O bahar hiç gelmeyecek
Ne bir yılkı at telaşı bozkırda
Ne saçına takılı bir çiçek...
(Yoruldum yokluğuna)
Ki çok geç kaldım gitmeye
Teninden, terinden, gözlerinden...
Üstüme kış yağar ruhumda zemheri
Yudum yudum içerim sensizliğin zehirinden...
Sorsan, bildin mi?
Hangi alın terinde saklıdır teselli
Kimdir sofrasında açlığını bölüşen bir çocuğun
Kim düşürür elinden
Celladın avcunda tuttuğu kıyameti?
Şimdi dualar sahipsiz
İnfazlar yargısız, secdeler arsız...
Ve aşksız bütün sevdalar gülüm
Yara bere olmuş hayat, yaşayan; yar’sız...
Gitmeli buralardan
Bu kinden, kavgadan, kandan
Kırıp dümeni sığ sularından öfkenin
Yelken açmalı kendi hiçliğine insan...
Bir; senim var
Şehirsiz, parksız, sokaksız
Bir; senim var işte
Çaysız, şekersiz, Üsküdar’sız...
Koca bir işgalin ortasında
Kuyusu kazılırken öz yurdun
(Hatırla!

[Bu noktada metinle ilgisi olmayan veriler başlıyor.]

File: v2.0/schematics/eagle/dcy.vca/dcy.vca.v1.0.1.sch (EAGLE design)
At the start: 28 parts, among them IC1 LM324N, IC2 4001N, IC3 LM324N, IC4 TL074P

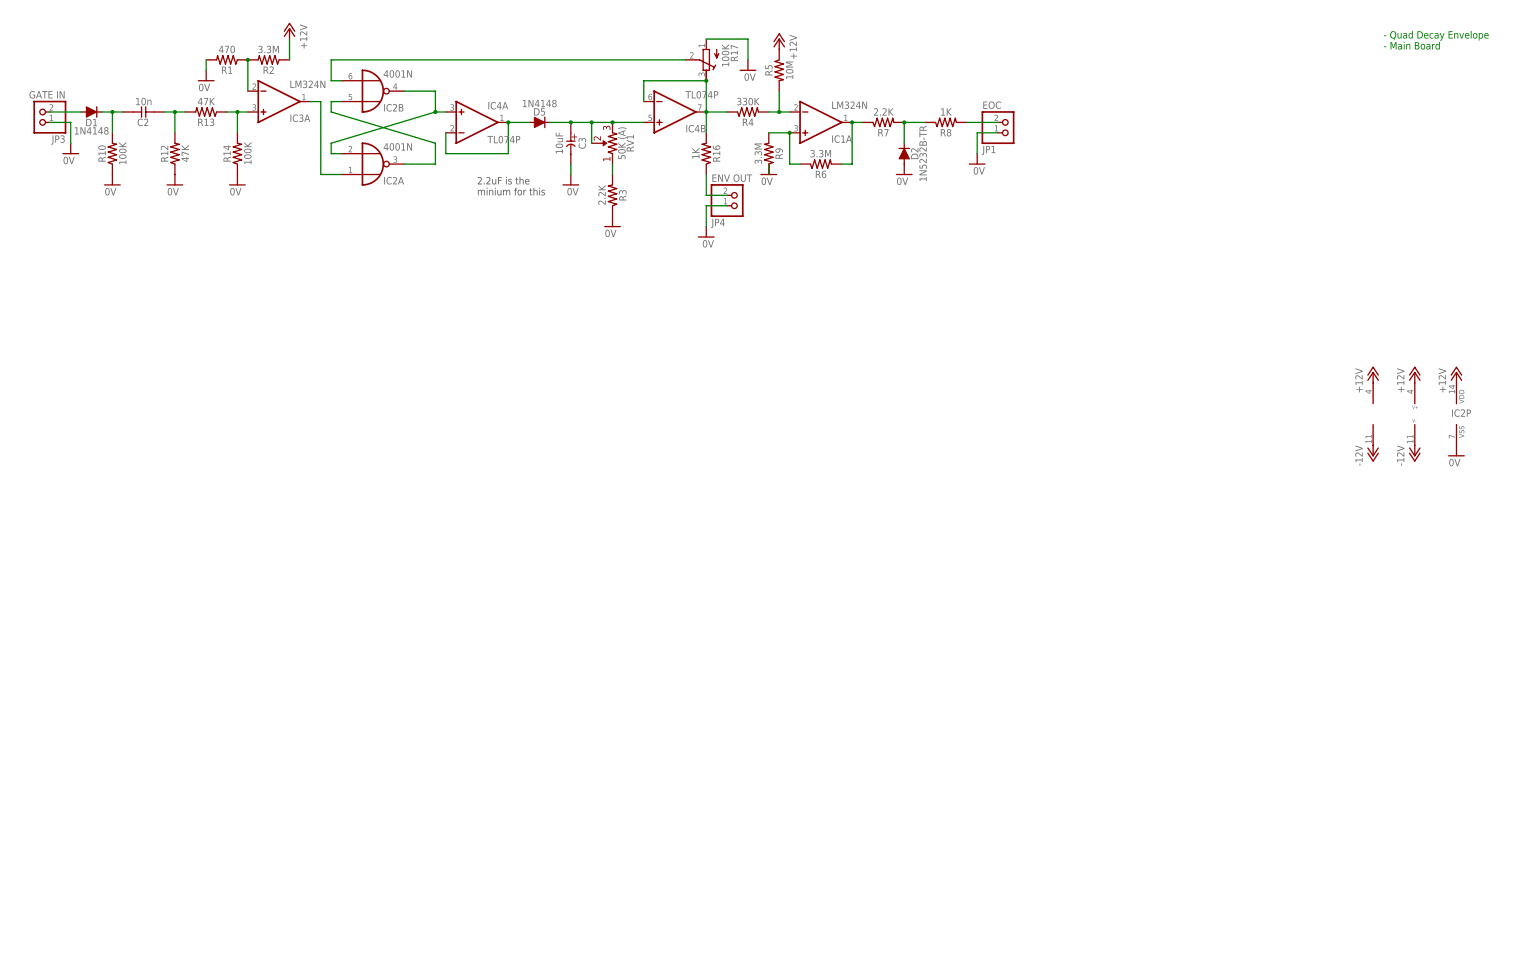
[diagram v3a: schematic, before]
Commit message: Updated diode packages and zenner symbol
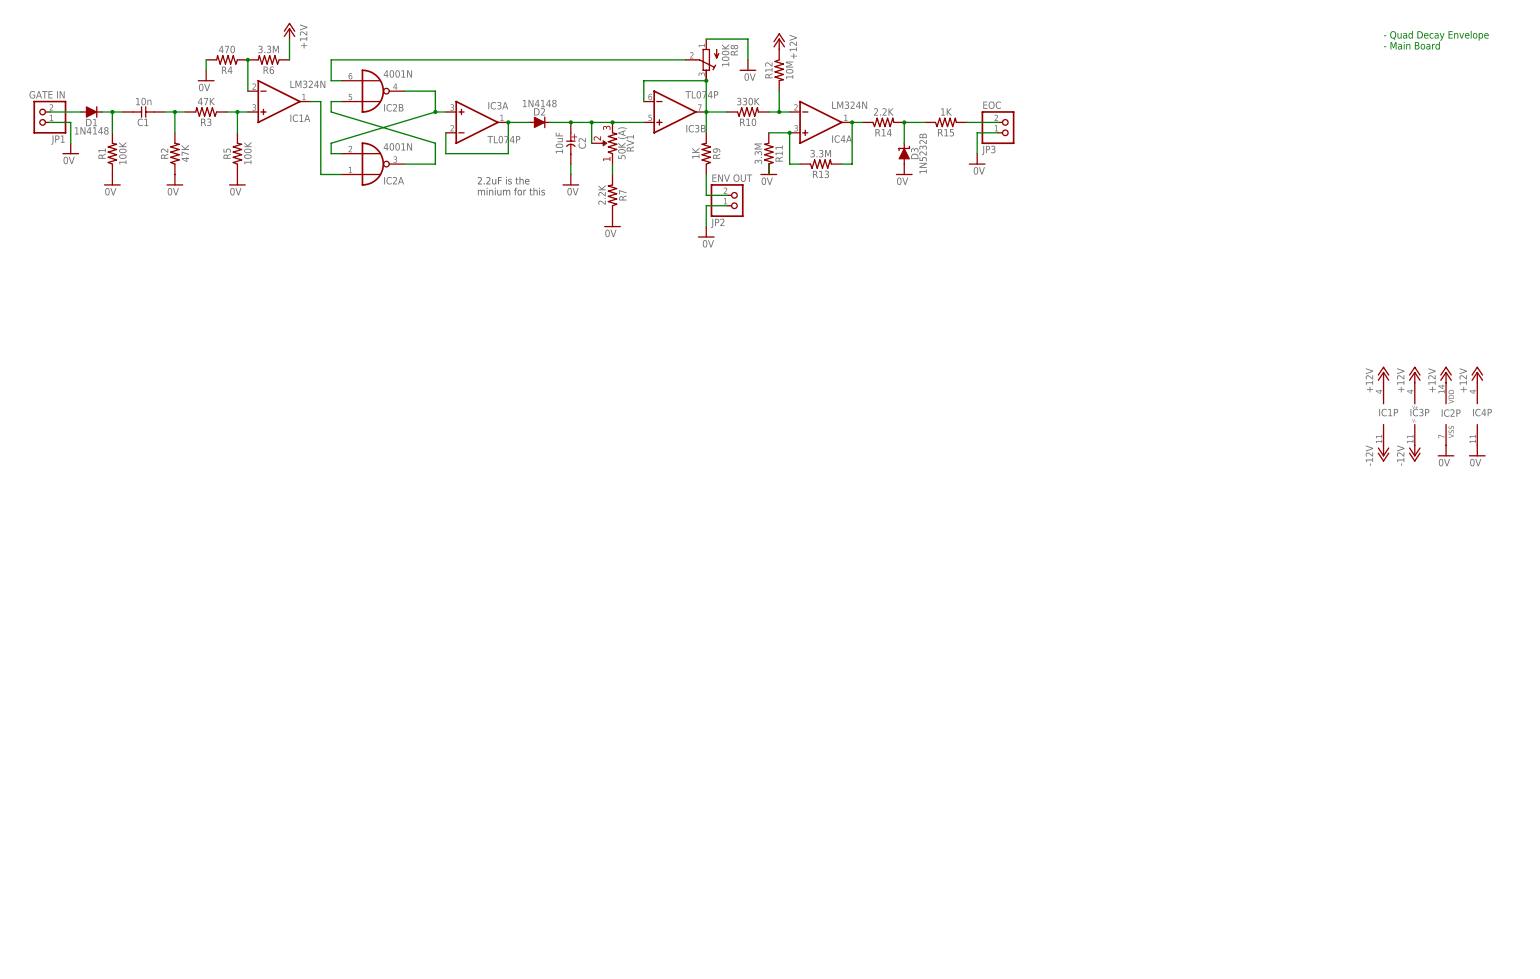
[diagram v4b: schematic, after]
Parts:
- removed C3: 10uF, _common:CE-USE2-5
- removed D5: 1N4148, _common:1N4148
- removed R16: 1K, _common:R0309/10
- removed R17: 100K, rcl:R-TRIMM3339P
- added C1: 10n, _common:CC-US025-024X044
- added D3: 1N5232B, _common:1N5232B
- added R11: 3.3M, _common:R0309/10
- added R15: 1K, _common:R0309/10
- C2: value 10n -> 10uF; device _common:CC-US025-024X044 -> _common:CE-USE2-5
- D2: value 1N5232B-TR -> 1N4148; device _common:1N5232B-TR -> _common:1N4148
- IC3: value LM324N -> TL074P; device linear:LM324N -> _common:TL074P
- IC4: value TL074P -> LM324N; device _common:TL074P -> linear:LM324N
- JP1: value EOC -> GATE IN
- JP3: value GATE IN -> EOC
- R1: value 470 -> 100K
- R10: value 100K -> 330K
- R12: value 47K -> 10M
- R13: value 47K -> 3.3M
- R14: value 100K -> 2.2K
- R2: value 3.3M -> 47K
- R3: value 2.2K -> 47K
- R4: value 330K -> 470
- R5: value 10M -> 100K
- R8: value 1K -> 100K; device _common:R0309/10 -> rcl:R-TRIMM3339P
- R9: value 3.3M -> 1K
- renumbered JP4 to JP2
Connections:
- net +12V: now also IC1P.V+, R12.1, R6.1; no longer R2.1, R5.1
- net -12V: now also IC1P.V-; no longer IC4P.V-
- net 0V: now also C2.-, D3.A, IC4P.V-, R1.1, R11.1, R2.1, R4.2, R5.1, R7.1, R8.A; no longer C3.-, D2.A, R1.2, R10.1, R12.1, R14.1, R17.A, R3.1, R9.1
- net N$1: now also R7.2; no longer R3.2
- net N$14: now also IC3A.+IN; no longer IC4A.+IN
- net N$15: now also JP1.2; no longer JP3.2
- net N$17: now also D2.A, IC3A.-IN, IC3A.OUT; no longer D5.A, IC4A.-IN, IC4A.OUT
- net N$18: now also C1.1, R1.2; no longer C2.1, R10.2
- net N$19: now also C1.2, R2.2, R3.2; no longer C2.2, R12.2, R13.2
- net N$2: now also IC4A.-IN, R10.2, R12.2; no longer IC1A.-IN, R4.2, R5.2
- net N$20: now also IC1A.+IN, R3.1, R5.2; no longer IC3A.+IN, R13.1, R14.2
- net N$21: now also IC1A.-IN, R4.1, R6.2; no longer IC3A.-IN, R1.1, R2.2
- net N$22: now also IC1A.OUT; no longer IC3A.OUT
- net N$23: now also IC3B.-IN, IC3B.OUT, R10.1, R8.E, R9.2; no longer IC4B.-IN, IC4B.OUT, R16.2, R17.E, R4.1
- net N$24: now also R9.1; no longer R16.1
- net N$25: now also R8.S; no longer R17.S
- net N$3: now also IC4A.+IN, R11.2, R13.1; no longer IC1A.+IN, R6.1, R9.2
- net N$5: now also IC4A.OUT, R13.2, R14.1; no longer IC1A.OUT, R6.2, R7.1
- net N$6: now also D3.C, R14.2, R15.1; no longer D2.C, R7.2, R8.1
- net N$63: now also C2.+, D2.C, IC3B.+IN; no longer C3.+, D5.C, IC4B.+IN
- net N$7: now also JP3.2, R15.2; no longer JP1.2, R8.2
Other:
- moved on the sheet: C2, D2, IC1A, IC2P, IC3A, IC4A, JP1, JP3, R1, R10, R12, R13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

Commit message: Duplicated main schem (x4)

Ülkem derken nasıl mutlu olurdun)
Bir; senim var...
Çok... Derin... Hatırasız...
Duyarsan,
Bir fısıltı gelir de kulağına
Cennet vadeden şeytanı
İnanma...
Duyarsan,
Seslenir de sırtından birileri
İşte! Bu’dur çokluğun tek doğru şehadeti!
İnanma...
Duyarsan,
Kutsal! diye bir ses
"öfkeyi kutsa" diyen bir nefes
İnanma...
Bir çocuğun gülüşünden
Daha sevimli değil Tanrı’ya
Ne Mekke, ne Roma, ne Kudüs!...
Beni sen anlarsın;
Bilirsin sızımdan düşeni
Sırtımdan vurup ruhumu deşeni
Ne soysuz yaşanıyor bu dünya, ne kahpesiz!
Yine de yılmadım işte
Bildim ki yarınımda hep acın vardı
Umudun önünde kurulmuş darağacın vardı
Ne yola geldim, ne yolumdan döndüm
İflah olmadım sensiz!
(Susarak dinle beni, yarım kalmış sözüm var...
Bir gün, o gün olursa eğer... Bil ki sevdam mahşerde...Ruhumda saklı o karar...)
-Seyyah-
5.0
100% (3)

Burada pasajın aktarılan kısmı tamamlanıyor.